There are multiple ways to define this project. Different definitions are pursuing different goals. I believe there are two major goals (based on Emotional Design) in a design project: changing perception and changing behavior.
Perception and behavior are tightly interconnected. Tim Brown from IDEO suggested designing simple digital tools to provide feedback as an additional tip to nudge people into new behaviors. Thus, likely, the best way to change perception is to let users use the Mimesis rather than an informative one-time report. There are multiple ways to convert information design outcomes into tools for other activities. Pantone linked global environmental issues with the color of 2019. Designers, artists, and industries will keep reminding ordinary people of the issues when they keep applying color in their work. Mimesis shares the same idea of generating customized results based on one’s information with the Casa da Música logo generator.
Mimesis 1.0, a customized graph, could be interpreted as an avatar. The applied platform is Tinder. You can choose to connect with Mimesis like Snapchat and Instagram photos. From a user’s perspective, bridging Snapchat and Instagram with Tinder increases the plurality of information, though it might turn into a concern for some users. Mimesis shares the same idea offering Tinder users an option to show more about themselves. On top of that, Mimesis provides an alternative for matching algorithms. In color practice, there are multiple choices to collocate different colors. What if matching algorithms could use Mimesis as a source to incorporate color combination theory to expand users’ options? Users’ cards will be pushed to others based not only on age, distance, and gender preferences but also on their Mimesis matches.

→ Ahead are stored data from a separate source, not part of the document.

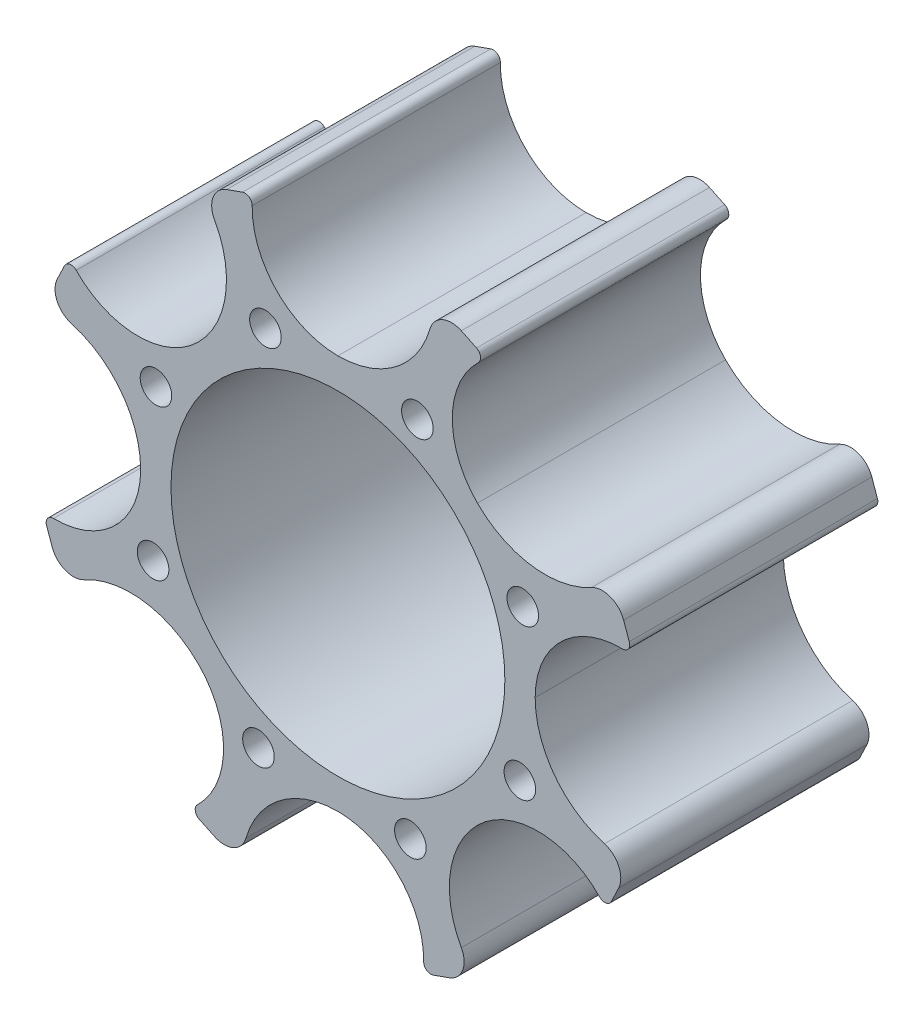
from build123d import *

# Parameters (mm, degrees)
EXTRUDE_1_DEPTH          = 27.5
SKETCH_2_R               = 18.5
CUT_EXTRUDE_1_DEPTH      = 54.353899797
SKETCH_3_R               = 1.75
CUT_EXTRUDE_2_DEPTH      = 54.353899797
CUT_EXTRUDE_3_DEPTH      = 5
PATTERN_CIRCULAR_1_COUNT = 8


with BuildPart() as part:
    # 草图1 → 凸台-拉伸1 (new body)
    with BuildSketch(Plane.XY):
        with BuildLine():
            Line((15.356969673, 30.298929166), (13.674015522, 31.101791788))
            ThreePointArc((13.674015522, 31.101791788), (11.571454033, 31.125101256), (10.194791162, 29.535727958))
            ThreePointArc((10.194791162, 29.535727958), (6.381394442, 23.991783581), (0, 21.857511157))
            ThreePointArc((0, 21.857511157), (-6.773355282, 24.696305694), (-9.498676044, 31.516109427))
            ThreePointArc((-9.498676044, 31.516109427), (-9.831389744, 32.178886119), (-10.565560882, 32.28359567))
            Line((-10.565560882, 32.28359567), (-12.323298779, 31.661276982))
            ThreePointArc((-12.323298779, 31.661276982), (-13.826516548, 30.191023779), (-13.676107562, 28.09371949))
            ThreePointArc((-13.676107562, 28.09371949), (-12.45242558, 21.477080146), (-15.455594359, 15.455594359))
            ThreePointArc((-15.455594359, 15.455594359), (-22.252410678, 12.673439775), (-29.001832935, 15.568676449))
            ThreePointArc((-29.001832935, 15.568676449), (-29.705750942, 15.802066229), (-30.298929166, 15.356969673))
            Line((-30.298929166, 15.356969673), (-31.101791788, 13.674015522))
            ThreePointArc((-31.101791788, 13.674015522), (-31.125101256, 11.571454033), (-29.535727958, 10.194791162))
            ThreePointArc((-29.535727958, 10.194791162), (-23.991783581, 6.381394442), (-21.857511157, 0))
            ThreePointArc((-21.857511157, 0), (-24.696305694, -6.773355282), (-31.516109427, -9.498676044))
            ThreePointArc((-31.516109427, -9.498676044), (-32.178886119, -9.831389744), (-32.28359567, -10.565560882))
            Line((-32.28359567, -10.565560882), (-31.661276982, -12.323298779))
            ThreePointArc((-31.661276982, -12.323298779), (-30.191023779, -13.826516548), (-28.09371949, -13.676107562))
            ThreePointArc((-28.09371949, -13.676107562), (-21.477080146, -12.45242558), (-15.455594359, -15.455594359))
            ThreePointArc((-15.455594359, -15.455594359), (-12.673439775, -22.252410678), (-15.568676449, -29.001832935))
            ThreePointArc((-15.568676449, -29.001832935), (-15.802066229, -29.705750942), (-15.356969673, -30.298929166))
            Line((-15.356969673, -30.298929166), (-13.674015522, -31.101791788))
            ThreePointArc((-13.674015522, -31.101791788), (-11.571454033, -31.125101256), (-10.194791162, -29.535727958))
            ThreePointArc((-10.194791162, -29.535727958), (-6.381394442, -23.991783581), (0, -21.857511157))
            ThreePointArc((0, -21.857511157), (6.773355282, -24.696305694), (9.498676044, -31.516109427))
            ThreePointArc((9.498676044, -31.516109427), (9.831389744, -32.178886119), (10.565560882, -32.28359567))
            Line((10.565560882, -32.28359567), (12.323298779, -31.661276982))
            ThreePointArc((12.323298779, -31.661276982), (13.826516548, -30.191023779), (13.676107562, -28.09371949))
            ThreePointArc((13.676107562, -28.09371949), (12.45242558, -21.477080146), (15.455594359, -15.455594359))
            ThreePointArc((15.455594359, -15.455594359), (22.252410678, -12.673439775), (29.001832935, -15.568676449))
            ThreePointArc((29.001832935, -15.568676449), (29.705750942, -15.802066229), (30.298929166, -15.356969673))
            Line((30.298929166, -15.356969673), (31.101791788, -13.674015522))
            ThreePointArc((31.101791788, -13.674015522), (31.125101256, -11.571454033), (29.535727958, -10.194791162))
            ThreePointArc((29.535727958, -10.194791162), (23.991783581, -6.381394442), (21.857511157, 0))
            ThreePointArc((21.857511157, 0), (24.696305694, 6.773355282), (31.516109427, 9.498676044))
            ThreePointArc((31.516109427, 9.498676044), (32.178886119, 9.831389744), (32.28359567, 10.565560882))
            Line((32.28359567, 10.565560882), (31.661276982, 12.323298779))
            ThreePointArc((31.661276982, 12.323298779), (30.191023779, 13.826516548), (28.09371949, 13.676107562))
            ThreePointArc((28.09371949, 13.676107562), (21.477080146, 12.45242558), (15.455594359, 15.455594359))
            ThreePointArc((15.455594359, 15.455594359), (12.673439775, 22.252410678), (15.568676449, 29.001832935))
            ThreePointArc((15.568676449, 29.001832935), (15.802066229, 29.705750942), (15.356969673, 30.298929166))
        make_face()
    extrude(amount=EXTRUDE_1_DEPTH)

    # 草图2 → 切除-拉伸1 (cut, through all)
    with BuildSketch(Plane(origin=(0, 0, 0), x_dir=(-1, 0, 0), z_dir=(0, 0, -1))):
        Circle(SKETCH_2_R)
    extrude(amount=-CUT_EXTRUDE_1_DEPTH, mode=Mode.SUBTRACT)

    # 草图3 → 切除-拉伸2 (cut, through all)
    with BuildSketch(Plane(origin=(0, 0, 0), x_dir=(-1, 0, 0), z_dir=(0, 0, -1))):
        with Locations((-8.804947053, 20.161173264)):
            Circle(SKETCH_3_R)
    cut_extrude_2 = extrude(amount=-CUT_EXTRUDE_2_DEPTH, mode=Mode.SUBTRACT)

    # 草图4 → 切除-拉伸3 (cut)
    with BuildSketch(Plane(origin=(0, 0, 0), x_dir=(-1, 0, 0), z_dir=(0, 0, -1))):
        Polygon((-10.098938684, 23.124097325), (-12.017910375, 20.52200567), (-10.723918744, 17.559081609), (-7.510955422, 17.198249203), (-5.591983731, 19.800340859), (-6.885975362, 22.76326492), align=None)
    cut_extrude_3 = extrude(amount=-CUT_EXTRUDE_3_DEPTH, mode=Mode.SUBTRACT)

    # 阵列(圆周)1: 切除-拉伸2, 切除-拉伸3 ×8 about axis
    pattern_circular_1_axis = Axis((0, 0, 27.5), (0, 0, -1))
    add([cut_extrude_2.rotate(pattern_circular_1_axis, i * 360 / PATTERN_CIRCULAR_1_COUNT) for i in range(1, PATTERN_CIRCULAR_1_COUNT)], mode=Mode.SUBTRACT)
    add([cut_extrude_3.rotate(pattern_circular_1_axis, i * 360 / PATTERN_CIRCULAR_1_COUNT) for i in range(1, PATTERN_CIRCULAR_1_COUNT)], mode=Mode.SUBTRACT)


solid = part.part
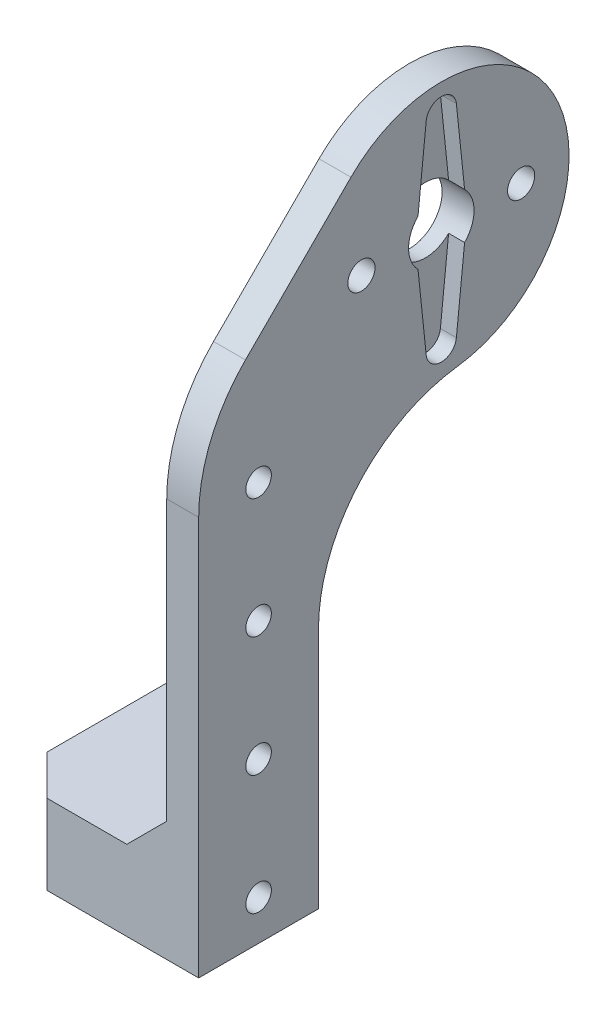
from build123d import *

# Parameters (mm, degrees)
SKETCH1_R                                           = 16
BOSS_EXTRUDE1_DEPTH                                 = 4
CUT_EXTRUDE2_DEPTH                                  = 2
SKETCH3_R                                           = 4.1
CUT_EXTRUDE1_DEPTH                                  = 23.978250586
CSK_FOR_M3_COUNTERSUNK_FLAT_HEAD_SCREW1_D           = 3.4
CSK_FOR_M3_COUNTERSUNK_FLAT_HEAD_SCREW1_CSINK_D     = 6.3
CSK_FOR_M3_COUNTERSUNK_FLAT_HEAD_SCREW1_CSINK_ANGLE = 90
BOSS_EXTRUDE3_DEPTH                                 = 4
FILLET3_R                                           = 20
BOSS_EXTRUDE4_DEPTH                                 = 10
CHAMFER1_SIZE                                       = 5
CUT_EXTRUDE5_DEPTH                                  = 74.993512369
SKETCH10_R                                          = 1.6
CUT_EXTRUDE4_DEPTH                                  = 77.518232271


with BuildPart() as part:
    # Sketch1 → Boss-Extrude1 (new body)
    with BuildSketch(Plane(origin=(0, 0, 0), x_dir=(0, 0, -1), z_dir=(1, 0, 0))):
        Circle(SKETCH1_R)
    extrude(amount=BOSS_EXTRUDE1_DEPTH)

    # Sketch5 → Cut-Extrude2 (cut)
    with BuildSketch(Plane(origin=(4, 0, 0), x_dir=(0, 0, -1), z_dir=(1, 0, 0))):
        with BuildLine():
            Line((-1.889696865, 12.6976), (-2.933047351, 2.719785513))
            ThreePointArc((-2.933047351, 2.719785513), (-4, 0), (-2.933047351, -2.719785513))
            Line((-2.933047351, -2.719785513), (-1.889696865, -12.6976))
            ThreePointArc((-1.889696865, -12.6976), (0, -14.4), (1.889696865, -12.6976))
            Line((1.889696865, -12.6976), (2.933047351, -2.719785513))
            ThreePointArc((2.933047351, -2.719785513), (4, 0), (2.933047351, 2.719785513))
            Line((2.933047351, 2.719785513), (1.889696865, 12.6976))
            ThreePointArc((1.889696865, 12.6976), (0, 14.4), (-1.889696865, 12.6976))
        make_face()
    extrude(amount=-CUT_EXTRUDE2_DEPTH, mode=Mode.SUBTRACT)

    # Sketch3 → Cut-Extrude1 (cut, through all)
    with BuildSketch(Plane(origin=(4, 0, 0), x_dir=(0, 0, -1), z_dir=(1, 0, 0))):
        Circle(SKETCH3_R)
    extrude(amount=-CUT_EXTRUDE1_DEPTH, mode=Mode.SUBTRACT)

    # CSK for M3 Countersunk Flat Head Screw1 (through all)
    with Locations(Plane.ZY):
        with Locations((-10, 0), (10, 0)):
            CounterSinkHole(CSK_FOR_M3_COUNTERSUNK_FLAT_HEAD_SCREW1_D / 2, CSK_FOR_M3_COUNTERSUNK_FLAT_HEAD_SCREW1_CSINK_D / 2, counter_sink_angle=CSK_FOR_M3_COUNTERSUNK_FLAT_HEAD_SCREW1_CSINK_ANGLE)

    # Sketch9 → Boss-Extrude3 (add)
    with BuildSketch(Plane(origin=(0, 0, 0), x_dir=(0, 0, -1), z_dir=(1, 0, 0))):
        with BuildLine():
            Line((-30.381570905, -7.754153907), (-30.381570905, -66))
            Line((-30.381570905, -66), (-15.381570905, -66))
            Line((-15.381570905, -66), (-15.381570905, -16))
            Line((-15.381570905, -16), (0, -16))
            ThreePointArc((0, -16), (-14.78207252, -6.122934918), (-11.313708499, 11.313708499))
            Line((-11.313708499, 11.313708499), (-30.381570905, -7.754153907))
        make_face()
    extrude(amount=BOSS_EXTRUDE3_DEPTH)

    # Fillet3
    fillet3_edges = [part.edges().sort_by_distance(p)[0] for p in [
        (2, -7.754153907, 30.381570905),
        (2, -16, 15.381570905),
    ]]
    fillet(fillet3_edges, radius=FILLET3_R)

    # Sketch11 → Boss-Extrude4 (add)
    with BuildSketch(Plane.XZ.offset(66)):
        Polygon((0, 15.381570905), (-10, 15.381570905), (-10, 0), (-20, 0), (-20, 30.381570905), (0, 30.381570905), align=None)
    extrude(amount=-BOSS_EXTRUDE4_DEPTH)

    # Chamfer1
    chamfer1_edges = [part.edges().sort_by_distance(p)[0] for p in [
        (-10, -61, 15.381570905),
        (-20, -61, 30.381570905),
        (0, -56, 22.881570905),
    ]]
    chamfer(chamfer1_edges, length=CHAMFER1_SIZE - 0.0001)  # a hair under: the kernel refuses the full size

    # Sketch12 → Cut-Extrude5 (cut, through all)
    with BuildSketch(Plane(origin=(-10, 0, 0), x_dir=(0, 0, -1), z_dir=(1, 0, 0))):
        Polygon((-6.955897301, -66), (-3.316194958, -56), (0, -56), (0, -66), align=None)
    extrude(amount=-CUT_EXTRUDE5_DEPTH, mode=Mode.SUBTRACT)

    # Sketch10 → Cut-Extrude4 (cut, through all)
    with BuildSketch(Plane(origin=(4, 0, 0), x_dir=(0, 0, -1), z_dir=(1, 0, 0))):
        with Locations((-22.881570905, -16)):
            Circle(SKETCH10_R)
        with Locations((-22.881570905, -31)):
            Circle(SKETCH10_R)
        with Locations((-22.881570905, -46)):
            Circle(SKETCH10_R)
        with Locations((-22.881570905, -61)):
            Circle(SKETCH10_R)
    extrude(amount=-CUT_EXTRUDE4_DEPTH, mode=Mode.SUBTRACT)


solid = part.part

For Mimesis 2.0 and the ideal Mimesis, the speculative application happens on platforms functioning as user’s information resources. In this scenario, the demonstration executes on Instagram’s home page, which will be used as the background of the app. There are two different stages of the Mimesis. In the first stage, colors won’t change but rather they’ll slowly float. The second stage will be triggered by posts that are liked by the user. The new liked post will be analyzed by the system, and the analysis outcome will decide to increase, decrease, or change colors. Referring back to the four stages of the feedback loop: evidence, relevance, consequence, and operation, Mimesis embedded in the background functions as the relevant evidence of the user’s liked posts. When users’ likes are limited to a few categories of posts, the diversity of colors in Mimesis will diminish. This builds the consequence stage, which informs users of their ‘bubble.’ And finally, the ‘bubble’ nudges users to operate and completes the feedback loop.
Finally, the speculative scenarios outlined here need to be proof of concept that could generate revenues through further experimentation, research, and development of policy.
The idea put forward in this essay, that shifting the purpose of digital profiling as a third party, may draw worthwhile arguments about the practicality and policy issues. My point is to demonstrate my future visions or wishes for this technology and to propose a mutually beneficial strategy for tech companies.